Splitsville: Separated Parents Can Still Educate Their Children Together

Welcome to Splitsville. This weekly column will focus on parenting after a divorce, break-up or one-night stand that didn’t end like a Katherine Heigl movie.

As a teenager, I volunteered in a kindergarten classroom where separated parents were feuding. It wasn’t enough to make their child anxious and emotional, they let their vitriol spill into every aspect of this poor little boy’s life. The parents refused to attend conferences together. They demanded that their child keep two separate notebooks, one for each family to communicate with the teacher through. This meant that anytime the teacher needed to make a note, they had to write it all out twice. The parents even argued about who got to keep all the artwork sent home. The entire situation was a mess.

So as my daughter enters into pre-school, I’ve made myself a very serious promise. My ex and I will not be those separated parents. We will not throw fits and demand special accommodations. We’ll sit next to each other at recitals and performances. We’ll make polite discussion about spelling words and book reports. We will. Right? We will.

Sending my little one to school, even if it is two mornings a week, is an emotional experience. I’m proud of my baby girl, even though I’m terrified to watch her grow up so quickly. Something about all that time away from me brings out a very protective and overbearing mother that I didn’t know existed. I want to make sure that everything is perfect. I want to guarantee that my darling is so well-prepared and confident in herself.

My need to make things perfect is leading to a micromanaging of epic proportions. For instance, my ex wanted to our daughter her first backpack. It’s such a huge symbolic moment. But I was already thinking about all the ways this could go wrong. Don’t get anything with her name engraved on it! Everyone says that’s unsafe. And none of those roller things. A teacher friend of mine says that kid just end up smacking each other with them. And maybe we should stay away from characters, you never know when one is going to go in or out of style. I don’t want her to be picked up because she wanted a Spiderman bookbag.

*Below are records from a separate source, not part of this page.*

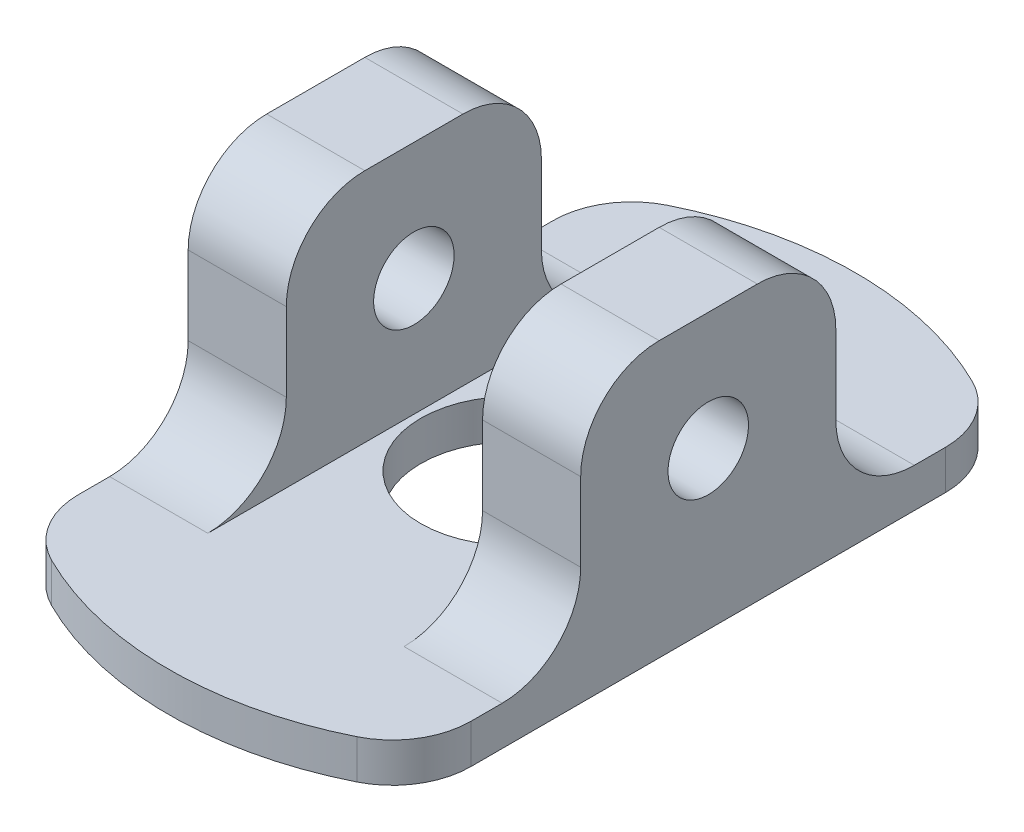
SolidWorks part; units mm, degrees
ref_plane "Front Plane" through (0, 0, 0) normal (0, 0, 1) x (1, 0, 0)
ref_plane "Top Plane" through (0, 0, 0) normal (0, 1, 0) x (1, 0, 0)
ref_plane "Right Plane" through (0, 0, 0) normal (1, 0, 0) x (0, 0, -1)
sketch "Sketch1" plane through (0, 0, 0) normal (0, 1, 0) x (1, 0, 0)
  circle A0 centre (0, 0) radius 4.65
  dimension "D1" = 9.3
extrude "Boss-Extrude1" add sketch "Sketch1" along normal blind 12
sketch "Sketch2" plane through (0, 12, 0) normal (0, 1, 0) x (1, 0, 0)
  circle A0 centre (0, 0) radius 17.5
  dimension "D1" = 35
extrude "Boss-Extrude2" add sketch "Sketch2" along normal blind 2
sketch "Sketch3" plane through (0, 14, 0) normal (0, 1, 0) x (1, 0, 0)
  line L0 (0, 0) -> (0, 17.5) construction
  line L2 (5, 6.5) -> (10, 6.5)
  line L3 (5, 6.5) -> (5, -6.5)
  line L4 (5, -6.5) -> (10, -6.5)
  line L5 (10, 6.5) -> (10, -6.5)
  circle A0 centre (0, 0) radius 17.5 construction
  point P9 (5, 0)
  dimension "D1" = 5
  dimension "D2" = 13
  dimension "D3" = 5
extrude "Boss-Extrude3" add sketch "Sketch3" along normal blind 12 contours L2 L5 L4 L3
mirror "Mirror1" about plane through (0, 0, 0) normal (1, 0, 0) of "Boss-Extrude3"
fillet "Fillet1" radius 4 4 edges at (-7.5, 26, -6.5) (7.5, 26, -6.5) (7.5, 26, 6.5) (-7.5, 26, 6.5)
fillet "Fillet2" radius 4 4 edges at (7.5, 14, -6.5) (-7.5, 14, -6.5) (-7.5, 14, 6.5) (7.5, 14, 6.5)
sketch "Sketch4" plane through (0, 14, 0) normal (0, 1, 0) x (1, 0, 0)
  line L0 (10, 0) -> (10, 14.3614)
  line L1 (10, 2.5) -> (10, -2.5) construction
  line L2 (10, 14.3614) -> (24.3824, 14.3614)
  line L3 (24.3824, 14.3614) -> (24.3824, -16.5205)
  line L4 (24.3824, -16.5205) -> (10, -16.5205)
  line L5 (10, -16.5205) -> (10, 0)
  circle A1 centre (0, 0) radius 17.5
  circle A2 centre (0, 0) radius 17.5
  circle M6 centre (0, 0) radius 17.5
  line M8 (10, 10.5) -> (10, -10.5)
  dimension "D1" = 0
extrude "Cut-Extrude1" cut sketch "Sketch4" against normal through all contours L5 L0 M6 M8
mirror "Mirror2" about plane through (0, 0, 0) normal (1, 0, 0) of "Cut-Extrude1"
sketch "Sketch5" plane through (10, 0, 0) normal (1, 0, 0) x (0, 0, -1)
  line L0 (-6.5, 22) -> (-6.5, 18) construction
  line L1 (2.5, 26) -> (-2.5, 26) construction
  circle A0 centre (0, 20) radius 2.05
  point P4 (-6.5, 20)
  point P7 (0, 26)
  dimension "D1" = 4.1
extrude "Cut-Extrude2" cut sketch "Sketch5" against normal blind 70
fillet "Fillet3" radius 4 4 edges at (10, 13, 14.3614) (10, 13, -14.3614) (-10, 13, -14.3614) (-10, 13, 14.3614)
sketch "Sketch6" plane through (0, 0, 0) normal (0, -1, 0) x (1, 0, 0)
  circle A1 centre (0, 0) radius 4.65
  circle A2 centre (0, 0) radius 4.65
  dimension "D1" = 0
extrude "Cut-Extrude3" cut sketch "Sketch6" against normal through all
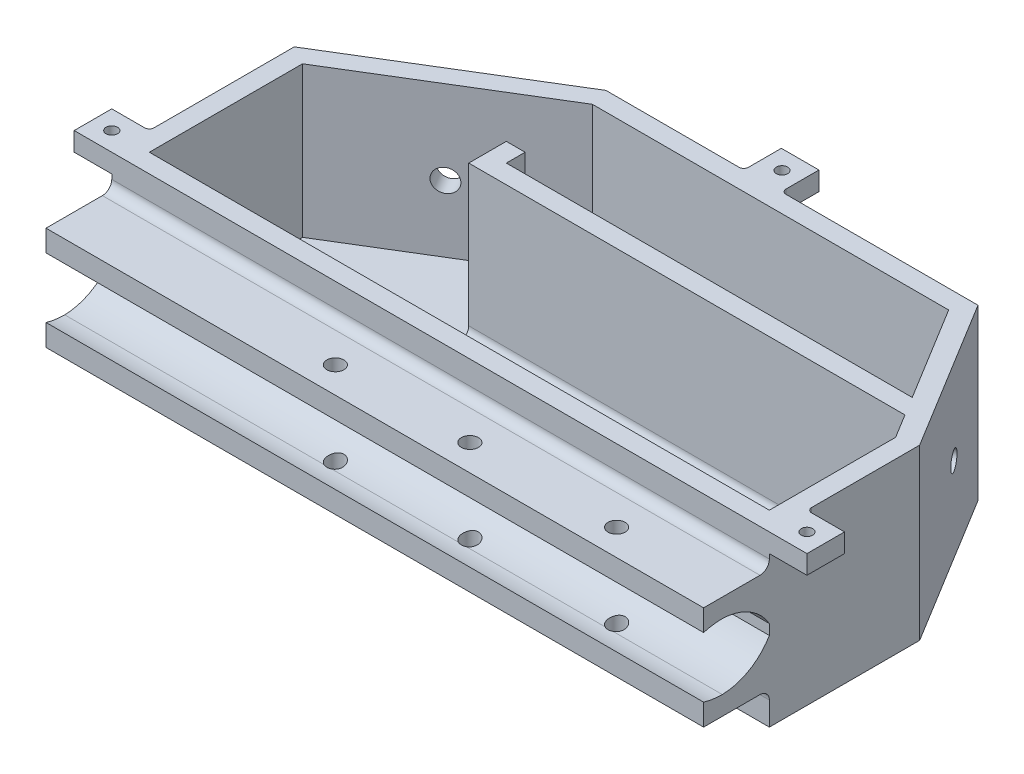
SolidWorks part; units mm, degrees
ref_plane "Front Plane" through (0, 0, 0) normal (0, 0, 1) x (1, 0, 0)
ref_plane "Top Plane" through (0, 0, 0) normal (0, 1, 0) x (1, 0, 0)
ref_plane "Right Plane" through (0, 0, 0) normal (1, 0, 0) x (0, 0, -1)
sketch "Sketch1" plane through (0, 0, 0) normal (0, 1, 0) x (1, 0, 0)
  line L1 (-165, 70) -> (165, 70)
  line L2 (-165, 70) -> (-165, -70)
  line L3 (-165, -70) -> (165, -70)
  line L4 (165, 70) -> (165, -70)
  line L5 (-165, 70) -> (165, -70) construction
  line L6 (-165, -70) -> (165, 70) construction
  line L7 (-175, 80) -> (175, 80)
  line L8 (-175, 80) -> (-175, -80)
  line L9 (-175, -80) -> (175, -80)
  line L10 (175, 80) -> (175, -80)
  line L11 (-175, 80) -> (175, -80) construction
  line L12 (-175, -80) -> (175, 80) construction
  point P0 (0, 0)
  point P6 (0, 0)
  dimension "D1" = 330
  dimension "D2" = 140
  dimension "D3" = 350
  dimension "D4" = 160
extrude "Boss-Extrude1" add sketch "Sketch1" along normal blind 80
sketch "Sketch2" plane through (0, 0, 0) normal (0, -1, 0) x (1, 0, 0)
  line L1 (-175, 80) -> (175, 80)
  line L2 (-175, 80) -> (-175, -80)
  line L3 (-175, -80) -> (175, -80)
  line L4 (175, 80) -> (175, -80)
  line L5 (-175, 80) -> (175, -80) construction
  line L6 (-175, -80) -> (175, 80) construction
  point P0 (0, 0)
extrude "Boss-Extrude2" add sketch "Sketch2" along normal blind 10
sketch "Sketch3" plane through (0, 0, 0) normal (0, 1, 0) x (1, 0, 0)
  line L0 (-165, -70) -> (165, -70) construction
  line L1 (-75, 20) -> (165, 20)
  line L2 (-75, 20) -> (-75, 10)
  line L3 (-75, 10) -> (165, 10)
  line L4 (165, 20) -> (165, 10)
  line L5 (165, -70) -> (165, 70) construction
  dimension "D1" = 240
  dimension "D2" = 10
  dimension "D3" = 80
  dimension "D4" = 0
extrude "Boss-Extrude3" add sketch "Sketch3" along normal up to vertex (80 mm away)
sketch "Sketch4" plane through (0, -10, 0) normal (0, -1, 0) x (1, 0, 0)
  line L0 (165, -70) -> (-165, -70) construction
  line L1 (165, -20) -> (165, -70) construction
  circle A0 centre (115, -45) radius 8.25
  dimension "D1" = 16.5
  dimension "D2" = 25
  dimension "D3" = 50
extrude "Cut-Extrude1" cut sketch "Sketch4" against normal blind 10
sketch "Sketch5" plane through (0, 0, -20) normal (0, 0, -1) x (-1, 0, 0)
  line L0 (-165, 0) -> (75, 0) construction
  line L1 (75, 80) -> (65, 80)
  line L2 (75, 80) -> (75, 0)
  line L3 (75, 0) -> (65, 0)
  line L4 (65, 80) -> (65, 0)
  dimension "D1" = 10
extrude "Boss-Extrude4" add sketch "Sketch5" along normal blind 10
sketch "Sketch6" plane through (-175, 0, 0) normal (-1, 0, 0) x (0, 0, 1)
  line L0 (80, 80) -> (80, -10) construction
  line L1 (80, 62.5) -> (115, 62.5)
  line L2 (80, 62.5) -> (80, 7.5)
  line L3 (80, 7.5) -> (115, 7.5)
  line L4 (115, 62.5) -> (115, 7.5)
  point P9 (80, 35)
  point P10 (80, 35)
  dimension "D1" = 35
  dimension "D2" = 55
extrude "Boss-Extrude5" add sketch "Sketch6" against normal up to vertex (350 mm away)
sketch "Sketch7" plane through (-175, 0, 0) normal (-1, 0, 0) x (0, 0, 1)
  line L0 (115, 62.5) -> (80, 7.5) construction
  line L1 (80, 62.5) -> (115, 7.5) construction
  line L2 (97.5, 35) -> (80, 35) construction
  line L3 (80, 62.5) -> (80, 7.5) construction
  line L4 (80, 32.25) -> (80, 37.75)
  arc A0 (80, 32.25) -> (105.0363, 17.552) centre (105.81, 47.542) ccw
  arc A1 (80, 37.75) -> (104.9636, 52.5519) centre (105.8735, 22.5657) cw
  ellipse E0 centre (104.9999, 35.052) end of major axis (80, 35) minor radius 17.5 (105.0363, 17.552) -> (104.9636, 52.5519) ccw
  point P21 (80, 35)
  dimension "D1" = 50
  dimension "D2" = 35
  dimension "D3" = 5.5
extrude "Cut-Extrude2" cut sketch "Sketch7" against normal through all
sketch "Sketch8" plane through (0, 62.5, 0) normal (0, 1, 0) x (1, 0, 0)
  line L1 (-175, -80) -> (-175, -115) construction
  line L4 (175, -101) -> (-175, -101) construction
  line L5 (175, -115) -> (175, -80) construction
  line L6 (-175, -115) -> (-175, -80) construction
  line L7 (175, -80) -> (-175, -80) construction
  circle A0 centre (-35, -101) radius 4.55
  circle A1 centre (36.6, -101) radius 4.55
  circle A2 centre (114.7, -101) radius 4.55
  dimension "D1" = 9.1
  dimension "D2" = 9.1
  dimension "D3" = 9.1
  dimension "D4" = 21
  dimension "D5" = 71.6
  dimension "D6" = 78.1
  dimension "D7" = 140
extrude "Cut-Extrude3" cut sketch "Sketch8" against normal through all
sketch "Sketch9" plane through (0, 80, 0) normal (0, 1, 0) x (1, 0, 0)
  line L0 (0, 0) -> (0, 80) construction
  line L7 (-175, 80) -> (-175, -80) construction
  line L23 (175, 80) -> (-175, 80) construction
  line L24 (0, 0) -> (175, 0) construction
  line L25 (175, -80) -> (175, 80) construction
  line L30 (175, -80) -> (195, -80)
  line L31 (175, -80) -> (175, -60)
  line L32 (175, -60) -> (195, -60)
  line L33 (195, -80) -> (195, -60)
  line L34 (-195, -80) -> (-195, -60)
  line L35 (-175, -60) -> (-195, -60)
  line L36 (-175, -80) -> (-175, -60)
  line L37 (-175, -80) -> (-195, -80)
  circle A3 centre (185, -70) radius 3.05
  circle A4 centre (-185, -70) radius 3.05
  dimension "D4" = 0
  dimension "D5" = 10
extrude "Boss-Extrude7" add sketch "Sketch9" against normal blind 10
fillet "Fillet1" radius 5 4 edges at (0, 7.5, 80) (0, 62.5, 80) (45, 0, -10) (50, 0, -20)
sketch "Sketch12" plane through (0, 80, 0) normal (0, 1, 0) x (1, 0, 0)
  line L0 (-72.0151, 80) -> (-175, 17.1383)
  line L1 (175, 80) -> (-175, 80) construction
  line L2 (-175, 80) -> (-175, -60) construction
  line L3 (-175, 17.1383) -> (-175, 80)
  line L4 (-175, 80) -> (-72.0151, 80)
  line L5 (175, 80) -> (-175, 80) construction
  point P6 (-175, -40.1221)
  point P9 (-81.3581, 80)
  point P12 (-175, -32.0879)
  point P13 (-90.837, 80)
  point P14 (-175, 17.1383)
  point P15 (-81.4726, 80)
  point P16 (0, 0)
  point P17 (-72.0151, 80)
extrude "Cut-Extrude5" cut sketch "Sketch12" against normal through all
sketch "Sketch13" plane through (-55.1248, 0, -90.3098) normal (-0.521, 0, -0.8536) x (-0.8536, 0, 0.521)
  line L1 (19.7882, -10) -> (140.4426, -10)
  line L2 (19.7882, -10) -> (19.7882, 80)
  line L3 (19.7882, 80) -> (140.4426, 80)
  line L4 (140.4426, -10) -> (140.4426, 80)
extrude "Boss-Extrude8" add sketch "Sketch13" against normal blind 10
sketch "Sketch14" plane through (0, 80, 0) normal (0, 1, 0) x (1, 0, 0)
  line L0 (126.0404, 80) -> (175, 0)
  line L1 (175, 80) -> (-72.0151, 80) construction
  line L2 (175, -60) -> (175, 80) construction
  line L3 (175, 0) -> (175, 80)
  line L4 (175, 80) -> (126.0404, 80)
  line L5 (175, -60) -> (175, 80) construction
  point P6 (175, 38.4785)
  point P10 (175, 36.4408)
  point P11 (126.0404, 80)
  point P12 (175, 20.615)
  point P13 (175, 18.8567)
  point P14 (175, 0)
extrude "Cut-Extrude8" cut sketch "Sketch14" against normal through all
sketch "Sketch15" plane through (127.3155, 0, -77.9165) normal (0.8529, 0, -0.522) x (-0.522, 0, -0.8529)
  line L1 (-91.3498, -10) -> (2.4427, -10)
  line L2 (-91.3498, -10) -> (-91.3498, 80)
  line L3 (-91.3498, 80) -> (2.4427, 80)
  line L4 (2.4427, -10) -> (2.4427, 80)
extrude "Boss-Extrude9" add sketch "Sketch15" against normal blind 10
sketch "Sketch16" plane through (0, 80, 0) normal (0, 1, 0) x (1, 0, 0)
  line L11 (1.381, 80) -> (21.381, 80)
  line L12 (1.381, 80) -> (1.381, 100)
  line L13 (1.381, 100) -> (21.381, 100)
  line L14 (21.381, 80) -> (21.381, 100)
  circle A2 centre (11.718, 90) radius 3.05
  dimension "D8" = 6.1
  dimension "D6" = 20
  dimension "D7" = 20
extrude "Boss-Extrude10" add sketch "Sketch16" against normal blind 10
sketch "Sketch17" plane through (127.3155, 0, -77.9165) normal (0.8529, 0, -0.522) x (-0.522, 0, -0.8529)
  line L0 (-91.3498, -10) -> (-91.3498, 80) construction
  circle A0 centre (-36.3498, 35) radius 5
  dimension "D1" = 10
  dimension "D2" = 55
extrude "Cut-Extrude9" cut sketch "Sketch17" against normal blind 10
sketch "Sketch18" plane through (-55.1248, 0, -90.3098) normal (-0.521, 0, -0.8536) x (-0.8536, 0, 0.521)
  circle A0 centre (79.4943, 35.4233) radius 6
  dimension "D1" = 12
extrude "Cut-Extrude10" cut sketch "Sketch18" against normal blind 10
fillet "Fillet2" radius 2.5 4 edges at (175, 75, 60) (-175, 75, 60) (1.381, 75, -80) (21.381, 75, -80)
sketch "Sketch19" plane through (0, 80, 0) normal (0, 1, 0) x (1, 0, 0)
  line L0 (-175, 17.1383) -> (-175, -57.5) construction
  line L1 (-177.5, -60) -> (-195, -60) construction
  line L2 (-195, -60) -> (-195, -80) construction
  line L3 (-195, -80) -> (195, -80) construction
  line L4 (195, -80) -> (195, -60) construction
  line L5 (195, -60) -> (177.5, -60) construction
  line L6 (175, -57.5) -> (175, 0) construction
  line L7 (126.0404, 80) -> (175, 0) construction
  line L8 (126.0404, 80) -> (23.881, 80) construction
  line L9 (21.381, 82.5) -> (21.381, 100) construction
  line L10 (21.381, 100) -> (1.381, 100) construction
  line L11 (1.381, 100) -> (1.381, 82.5) construction
  line L12 (-1.119, 80) -> (-72.0151, 80) construction
  line L13 (-175, 17.1383) -> (-72.0151, 80) construction
  line L14 (-175, 17.1383) -> (-175, -57.5)
  line L15 (-177.5, -60) -> (-195, -60)
  line L16 (-195, -60) -> (-195, -80)
  line L17 (-195, -80) -> (195, -80)
  line L18 (195, -80) -> (195, -60)
  line L19 (195, -60) -> (177.5, -60)
  line L20 (175, -57.5) -> (175, 0)
  line L21 (126.0404, 80) -> (175, 0)
  line L22 (126.0404, 80) -> (23.881, 80)
  line L23 (21.381, 82.5) -> (21.381, 100)
  line L24 (21.381, 100) -> (1.381, 100)
  line L25 (1.381, 100) -> (1.381, 82.5)
  line L26 (-1.119, 80) -> (-72.0151, 80)
  line L27 (-175, 17.1383) -> (-72.0151, 80)
  arc A0 (-177.5, -60) -> (-175, -57.5) centre (-177.5, -57.5) ccw construction
  circle A1 centre (-185, -70) radius 3.05 construction
  circle A2 centre (185, -70) radius 3.05 construction
  arc A3 (175, -57.5) -> (177.5, -60) centre (177.5, -57.5) ccw construction
  arc A4 (21.381, 82.5) -> (23.881, 80) centre (23.881, 82.5) ccw construction
  circle A5 centre (11.718, 90) radius 3.05 construction
  arc A6 (-1.119, 80) -> (1.381, 82.5) centre (-1.119, 82.5) ccw construction
  arc A7 (-177.5, -60) -> (-175, -57.5) centre (-177.5, -57.5) ccw
  circle A8 centre (-185, -70) radius 3.05
  circle A9 centre (185, -70) radius 3.05
  arc A10 (175, -57.5) -> (177.5, -60) centre (177.5, -57.5) ccw
  arc A11 (21.381, 82.5) -> (23.881, 80) centre (23.881, 82.5) ccw
  circle A12 centre (11.718, 90) radius 3.05
  arc A13 (-1.119, 80) -> (1.381, 82.5) centre (-1.119, 82.5) ccw
sketch "Sketch20" plane through (0, 80, 0) normal (0, 1, 0) x (1, 0, 0)
  line L0 (-70.5573, 61.171) -> (-70.5573, -33.5857) construction

I started running through all of the ways this could go wrong and all of the reasons that I should be the one to buy her first backpack. And then I remembered that this experience is happening my daughter’s father as well. He’s just as nervous for our little girl to take her big first step into education. He’s just as apprehensive about every detail. I have to let him be involved in this process as well. After all, I’m going to be the one there, dropping her off at school everyday. If he wants to buy her first bookbag, is that really such a huge privilege to turn down? Of course its not.

Over the next decade, we’re going to buy lots of bookbags. We’re going to attend lots of conferences. We’re going to be clueless over plenty of homework assignments. And I’m really hoping that we can all get through them together. I hope that her dad will always want to help his little girl take her first step. And really, there are plenty of supplies for us both.